While our core mission and values – to generate great returns by partnering with world-class talents to build businesses that change the way we live – have remained remarkably consistent, most everything else has changed over time.  The areas of compelling investment, the depth of partnership and involvement with entrepreneurs and the competitive dynamics of the ecosystem are nearly unrecognizably altered.  With each of these Darwinian “opportunities” to evolve (and the terrific legacy of Laurance Rockefeller and the early Venrock partners as the standard to which we aspire), we reinvented the Venrock culture and investment team over the last 10 years.  Change and continuous improvement will absolutely be an ongoing effort, but today we are a cohesive, “do the right thing” focused team intensely committed to our partner entrepreneurs and LP’s.

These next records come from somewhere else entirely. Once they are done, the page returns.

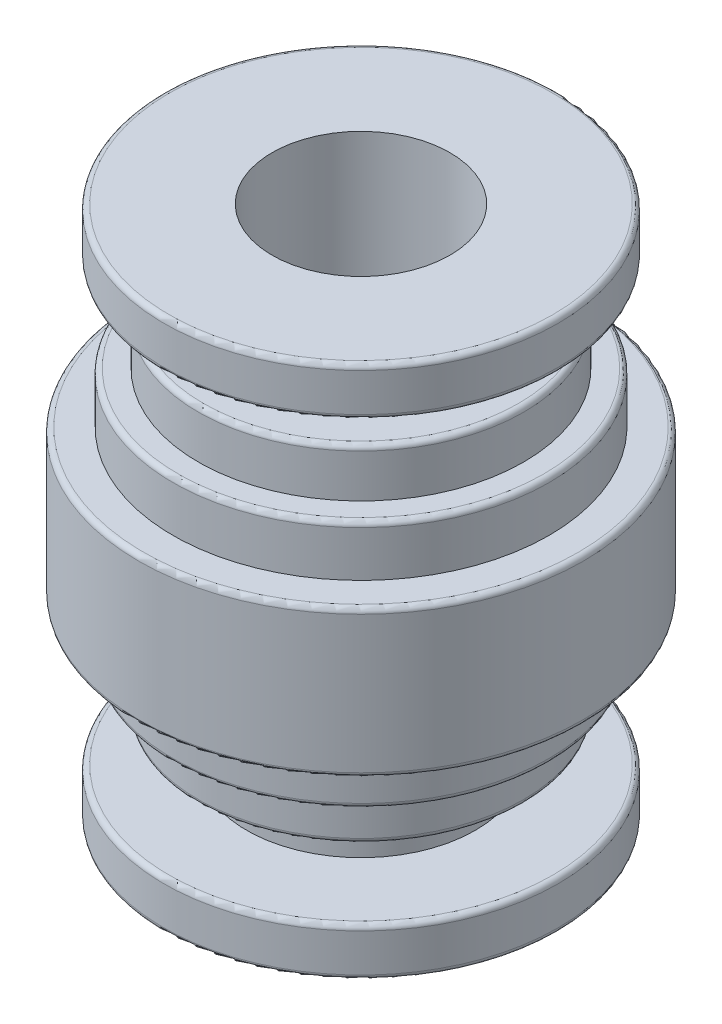
ISO-10303-21;
HEADER;
FILE_DESCRIPTION(('STEP AP214'),'2;1');
FILE_NAME('part.step','',(''),(''),'','','');
FILE_SCHEMA(('AUTOMOTIVE_DESIGN { 1 0 10303 214 1 1 1 1 }'));
ENDSEC;
DATA;
#1=APPLICATION_CONTEXT('core data for automotive mechanical design processes');
#2=APPLICATION_PROTOCOL_DEFINITION('international standard','automotive_design',2000,#1);
#3=PRODUCT_CONTEXT('',#1,'mechanical');
#4=PRODUCT('Part','Part','',(#3));
#5=PRODUCT_RELATED_PRODUCT_CATEGORY('part','',(#4));
#6=PRODUCT_DEFINITION_FORMATION('','',#4);
#7=PRODUCT_DEFINITION_CONTEXT('part definition',#1,'design');
#8=PRODUCT_DEFINITION('design','',#6,#7);
#9=PRODUCT_DEFINITION_SHAPE('','',#8);
#10=(LENGTH_UNIT() NAMED_UNIT(*) SI_UNIT(.MILLI.,.METRE.));
#11=(NAMED_UNIT(*) PLANE_ANGLE_UNIT() SI_UNIT($,.RADIAN.));
#12=(NAMED_UNIT(*) SI_UNIT($,.STERADIAN.) SOLID_ANGLE_UNIT());
#13=UNCERTAINTY_MEASURE_WITH_UNIT(LENGTH_MEASURE(1.E-05),#10,'distance_accuracy_value','');
#14=(GEOMETRIC_REPRESENTATION_CONTEXT(3) GLOBAL_UNCERTAINTY_ASSIGNED_CONTEXT((#13)) GLOBAL_UNIT_ASSIGNED_CONTEXT((#10,
#11,#12)) REPRESENTATION_CONTEXT('',''));
#15=CARTESIAN_POINT('',(0.,0.,0.));
#16=DIRECTION('',(0.,0.,1.));
#17=DIRECTION('',(1.,0.,0.));
#18=AXIS2_PLACEMENT_3D('',#15,#16,#17);
#19=CARTESIAN_POINT('',(0.,-10.3,0.));
#20=DIRECTION('',(0.,-1.,0.));
#21=DIRECTION('',(0.,0.,-1.));
#22=AXIS2_PLACEMENT_3D('',#19,#20,#21);
#23=TOROIDAL_SURFACE('',#22,7.55,0.2);
#24=CARTESIAN_POINT('',(0.,-10.3,0.));
#25=DIRECTION('',(0.,-1.,0.));
#26=DIRECTION('',(-1.,0.,0.));
#27=AXIS2_PLACEMENT_3D('',#24,#25,#26);
#28=CIRCLE('',#27,7.75);
#29=CARTESIAN_POINT('',(7.75,-10.3,0.));
#30=VERTEX_POINT('',#29);
#31=EDGE_CURVE('E10',#30,#30,#28,.T.);
#32=ORIENTED_EDGE('',*,*,#31,.T.);
#33=EDGE_LOOP('',(#32));
#34=FACE_BOUND('',#33,.T.);
#35=CARTESIAN_POINT('',(0.,-10.5,0.));
#36=DIRECTION('',(0.,1.,0.));
#37=DIRECTION('',(-1.,0.,0.));
#38=AXIS2_PLACEMENT_3D('',#35,#36,#37);
#39=CIRCLE('',#38,7.55);
#40=CARTESIAN_POINT('',(7.55,-10.5,0.));
#41=VERTEX_POINT('',#40);
#42=EDGE_CURVE('E27',#41,#41,#39,.T.);
#43=ORIENTED_EDGE('',*,*,#42,.T.);
#44=EDGE_LOOP('',(#43));
#45=FACE_BOUND('',#44,.T.);
#46=ADVANCED_FACE('F16',(#34,#45),#23,.T.);
#47=CARTESIAN_POINT('',(0.,-9.55,0.));
#48=DIRECTION('',(0.,-1.,0.));
#49=DIRECTION('',(1.,0.,0.));
#50=AXIS2_PLACEMENT_3D('',#47,#48,#49);
#51=CYLINDRICAL_SURFACE('',#50,7.75);
#52=CARTESIAN_POINT('',(0.,-8.8,0.));
#53=DIRECTION('',(0.,1.,0.));
#54=DIRECTION('',(-1.,0.,0.));
#55=AXIS2_PLACEMENT_3D('',#52,#53,#54);
#56=CIRCLE('',#55,7.75);
#57=CARTESIAN_POINT('',(7.75,-8.8,0.));
#58=VERTEX_POINT('',#57);
#59=EDGE_CURVE('E269',#58,#58,#56,.T.);
#60=ORIENTED_EDGE('',*,*,#59,.F.);
#61=EDGE_LOOP('',(#60));
#62=FACE_BOUND('',#61,.T.);
#63=ORIENTED_EDGE('',*,*,#31,.F.);
#64=EDGE_LOOP('',(#63));
#65=FACE_BOUND('',#64,.T.);
#66=ADVANCED_FACE('F321',(#62,#65),#51,.T.);
#67=CARTESIAN_POINT('',(7.75,-10.5,0.));
#68=DIRECTION('',(0.,1.,0.));
#69=DIRECTION('',(1.,0.,0.));
#70=AXIS2_PLACEMENT_3D('',#67,#68,#69);
#71=PLANE('',#70);
#72=ORIENTED_EDGE('',*,*,#42,.F.);
#73=EDGE_LOOP('',(#72));
#74=FACE_BOUND('',#73,.T.);
#75=CARTESIAN_POINT('',(0.,-10.5,0.));
#76=DIRECTION('',(0.,-1.,0.));
#77=DIRECTION('',(1.,0.,0.));
#78=AXIS2_PLACEMENT_3D('',#75,#76,#77);
#79=CIRCLE('',#78,3.5);
#80=CARTESIAN_POINT('',(3.5,-10.5,0.));
#81=VERTEX_POINT('',#80);
#82=EDGE_CURVE('E20',#81,#81,#79,.T.);
#83=ORIENTED_EDGE('',*,*,#82,.F.);
#84=EDGE_LOOP('',(#83));
#85=FACE_BOUND('',#84,.T.);
#86=ADVANCED_FACE('F188',(#74,#85),#71,.F.);
#87=CARTESIAN_POINT('',(0.,-8.8,0.));
#88=DIRECTION('',(0.,-1.,0.));
#89=DIRECTION('',(0.,0.,-1.));
#90=AXIS2_PLACEMENT_3D('',#87,#88,#89);
#91=TOROIDAL_SURFACE('',#90,7.55,0.2);
#92=CARTESIAN_POINT('',(0.,-8.6,0.));
#93=DIRECTION('',(0.,-1.,0.));
#94=DIRECTION('',(-1.,0.,0.));
#95=AXIS2_PLACEMENT_3D('',#92,#93,#94);
#96=CIRCLE('',#95,7.55);
#97=CARTESIAN_POINT('',(7.55,-8.6,0.));
#98=VERTEX_POINT('',#97);
#99=EDGE_CURVE('E229',#98,#98,#96,.T.);
#100=ORIENTED_EDGE('',*,*,#99,.T.);
#101=EDGE_LOOP('',(#100));
#102=FACE_BOUND('',#101,.T.);
#103=ORIENTED_EDGE('',*,*,#59,.T.);
#104=EDGE_LOOP('',(#103));
#105=FACE_BOUND('',#104,.T.);
#106=ADVANCED_FACE('F547',(#102,#105),#91,.T.);
#107=CARTESIAN_POINT('',(4.5,-8.6,0.));
#108=DIRECTION('',(0.,-1.,0.));
#109=DIRECTION('',(0.,0.,-1.));
#110=AXIS2_PLACEMENT_3D('',#107,#108,#109);
#111=PLANE('',#110);
#112=ORIENTED_EDGE('',*,*,#99,.F.);
#113=EDGE_LOOP('',(#112));
#114=FACE_BOUND('',#113,.T.);
#115=CARTESIAN_POINT('',(0.,-8.6,0.));
#116=DIRECTION('',(0.,-1.,0.));
#117=DIRECTION('',(1.,0.,0.));
#118=AXIS2_PLACEMENT_3D('',#115,#116,#117);
#119=CIRCLE('',#118,4.5);
#120=CARTESIAN_POINT('',(4.5,-8.6,0.));
#121=VERTEX_POINT('',#120);
#122=EDGE_CURVE('E249',#121,#121,#119,.T.);
#123=ORIENTED_EDGE('',*,*,#122,.T.);
#124=EDGE_LOOP('',(#123));
#125=FACE_BOUND('',#124,.T.);
#126=ADVANCED_FACE('F359',(#114,#125),#111,.F.);
#127=CARTESIAN_POINT('',(0.,-6.6,0.));
#128=DIRECTION('',(0.,-1.,0.));
#129=DIRECTION('',(0.,0.,-1.));
#130=AXIS2_PLACEMENT_3D('',#127,#128,#129);
#131=TOROIDAL_SURFACE('',#130,6.2,0.2);
#132=CARTESIAN_POINT('',(0.,-6.6,0.));
#133=DIRECTION('',(0.,-1.,0.));
#134=DIRECTION('',(-1.,0.,0.));
#135=AXIS2_PLACEMENT_3D('',#132,#133,#134);
#136=CIRCLE('',#135,6.4);
#137=CARTESIAN_POINT('',(6.4,-6.6,0.));
#138=VERTEX_POINT('',#137);
#139=EDGE_CURVE('E219',#138,#138,#136,.T.);
#140=ORIENTED_EDGE('',*,*,#139,.T.);
#141=EDGE_LOOP('',(#140));
#142=FACE_BOUND('',#141,.T.);
#143=CARTESIAN_POINT('',(0.,-6.8,0.));
#144=DIRECTION('',(0.,1.,0.));
#145=DIRECTION('',(-1.,0.,0.));
#146=AXIS2_PLACEMENT_3D('',#143,#144,#145);
#147=CIRCLE('',#146,6.2);
#148=CARTESIAN_POINT('',(6.2,-6.8,0.));
#149=VERTEX_POINT('',#148);
#150=EDGE_CURVE('E216',#149,#149,#147,.T.);
#151=ORIENTED_EDGE('',*,*,#150,.T.);
#152=EDGE_LOOP('',(#151));
#153=FACE_BOUND('',#152,.T.);
#154=ADVANCED_FACE('F355',(#142,#153),#131,.T.);
#155=CARTESIAN_POINT('',(6.4,-6.8,0.));
#156=DIRECTION('',(0.,1.,0.));
#157=DIRECTION('',(1.,0.,0.));
#158=AXIS2_PLACEMENT_3D('',#155,#156,#157);
#159=PLANE('',#158);
#160=ORIENTED_EDGE('',*,*,#150,.F.);
#161=EDGE_LOOP('',(#160));
#162=FACE_BOUND('',#161,.T.);
#163=CARTESIAN_POINT('',(0.,-6.8,0.));
#164=DIRECTION('',(0.,-1.,0.));
#165=DIRECTION('',(1.,0.,0.));
#166=AXIS2_PLACEMENT_3D('',#163,#164,#165);
#167=CIRCLE('',#166,4.5);
#168=CARTESIAN_POINT('',(4.5,-6.8,0.));
#169=VERTEX_POINT('',#168);
#170=EDGE_CURVE('E192',#169,#169,#167,.T.);
#171=ORIENTED_EDGE('',*,*,#170,.F.);
#172=EDGE_LOOP('',(#171));
#173=FACE_BOUND('',#172,.T.);
#174=ADVANCED_FACE('F358',(#162,#173),#159,.F.);
#175=CARTESIAN_POINT('',(0.,-5.85,0.));
#176=DIRECTION('',(0.,-1.,0.));
#177=DIRECTION('',(1.,0.,0.));
#178=AXIS2_PLACEMENT_3D('',#175,#176,#177);
#179=CYLINDRICAL_SURFACE('',#178,6.4);
#180=CARTESIAN_POINT('',(0.,-4.9,0.));
#181=DIRECTION('',(0.,-1.,0.));
#182=DIRECTION('',(1.,0.,0.));
#183=AXIS2_PLACEMENT_3D('',#180,#181,#182);
#184=CIRCLE('',#183,6.4);
#185=CARTESIAN_POINT('',(6.4,-4.9,0.));
#186=VERTEX_POINT('',#185);
#187=EDGE_CURVE('E149',#186,#186,#184,.T.);
#188=ORIENTED_EDGE('',*,*,#187,.T.);
#189=EDGE_LOOP('',(#188));
#190=FACE_BOUND('',#189,.T.);
#191=ORIENTED_EDGE('',*,*,#139,.F.);
#192=EDGE_LOOP('',(#191));
#193=FACE_BOUND('',#192,.T.);
#194=ADVANCED_FACE('F370',(#190,#193),#179,.T.);
#195=CARTESIAN_POINT('',(0.,-4.7,0.));
#196=DIRECTION('',(0.,-1.,0.));
#197=DIRECTION('',(0.,0.,-1.));
#198=AXIS2_PLACEMENT_3D('',#195,#196,#197);
#199=TOROIDAL_SURFACE('',#198,7.2,0.2);
#200=CARTESIAN_POINT('',(0.,-4.7,0.));
#201=DIRECTION('',(0.,-1.,0.));
#202=DIRECTION('',(-1.,0.,0.));
#203=AXIS2_PLACEMENT_3D('',#200,#201,#202);
#204=CIRCLE('',#203,7.4);
#205=CARTESIAN_POINT('',(7.4,-4.7,0.));
#206=VERTEX_POINT('',#205);
#207=EDGE_CURVE('E157',#206,#206,#204,.T.);
#208=ORIENTED_EDGE('',*,*,#207,.T.);
#209=EDGE_LOOP('',(#208));
#210=FACE_BOUND('',#209,.T.);
#211=CARTESIAN_POINT('',(0.,-4.9,0.));
#212=DIRECTION('',(0.,1.,0.));
#213=DIRECTION('',(-1.,0.,0.));
#214=AXIS2_PLACEMENT_3D('',#211,#212,#213);
#215=CIRCLE('',#214,7.2);
#216=CARTESIAN_POINT('',(7.2,-4.9,0.));
#217=VERTEX_POINT('',#216);
#218=EDGE_CURVE('E251',#217,#217,#215,.T.);
#219=ORIENTED_EDGE('',*,*,#218,.T.);
#220=EDGE_LOOP('',(#219));
#221=FACE_BOUND('',#220,.T.);
#222=ADVANCED_FACE('F365',(#210,#221),#199,.T.);
#223=CARTESIAN_POINT('',(7.4,-4.9,0.));
#224=DIRECTION('',(0.,1.,0.));
#225=DIRECTION('',(1.,0.,0.));
#226=AXIS2_PLACEMENT_3D('',#223,#224,#225);
#227=PLANE('',#226);
#228=ORIENTED_EDGE('',*,*,#218,.F.);
#229=EDGE_LOOP('',(#228));
#230=FACE_BOUND('',#229,.T.);
#231=ORIENTED_EDGE('',*,*,#187,.F.);
#232=EDGE_LOOP('',(#231));
#233=FACE_BOUND('',#232,.T.);
#234=ADVANCED_FACE('F361',(#230,#233),#227,.F.);
#235=CARTESIAN_POINT('',(0.,-3.9,0.));
#236=DIRECTION('',(0.,-1.,0.));
#237=DIRECTION('',(1.,0.,0.));
#238=AXIS2_PLACEMENT_3D('',#235,#236,#237);
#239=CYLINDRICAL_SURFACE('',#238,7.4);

We’ve enjoyed some recent success, though certainly not as much as we hope to create in the future. We have been an investor in eight companies with $1B+ exits over the past five years and, in 2014, have had five IPOs and five M&As, including Castlight Health and Nest. The current portfolio holds promise across a variety of industry sectors – AppNexus, Ariosa Diagnostics, CloudFlare, Dollar Shave Club, Grand Rounds, and Intarcia to jinx only a few.

Going forward we are really excited about what’s happening at the intersection of healthcare and technology, as the opportunity to dramatically remake our healthcare system attracts a quality and breadth of entrepreneurial talent that is truly staggering.  We have doubled down in New York to take advantage of the increasing opportunities in the very fertile, growing New York startup ecosystem. We also see data-driven solutions bringing true value across a spectrum of use cases as massive amounts of data are finally corralled and synthesized to produce real insights and ROI. And we are always trying to keep an eye on what’s around the next corner, experimenting and exploring to latch onto the next interesting area for innovation and growth.

I like our odds, but building companies is hard work. We will catch some breaks and will definitely lose some.  We will make mistakes and do our best to minimize their repercussions – that’s a lot more productive than trying to avoid them all together.  But most of all we will devote ourselves to partnering with really passionate, visionary entrepreneurs and serve them in any way we can to give them an unfair advantage on their road to success.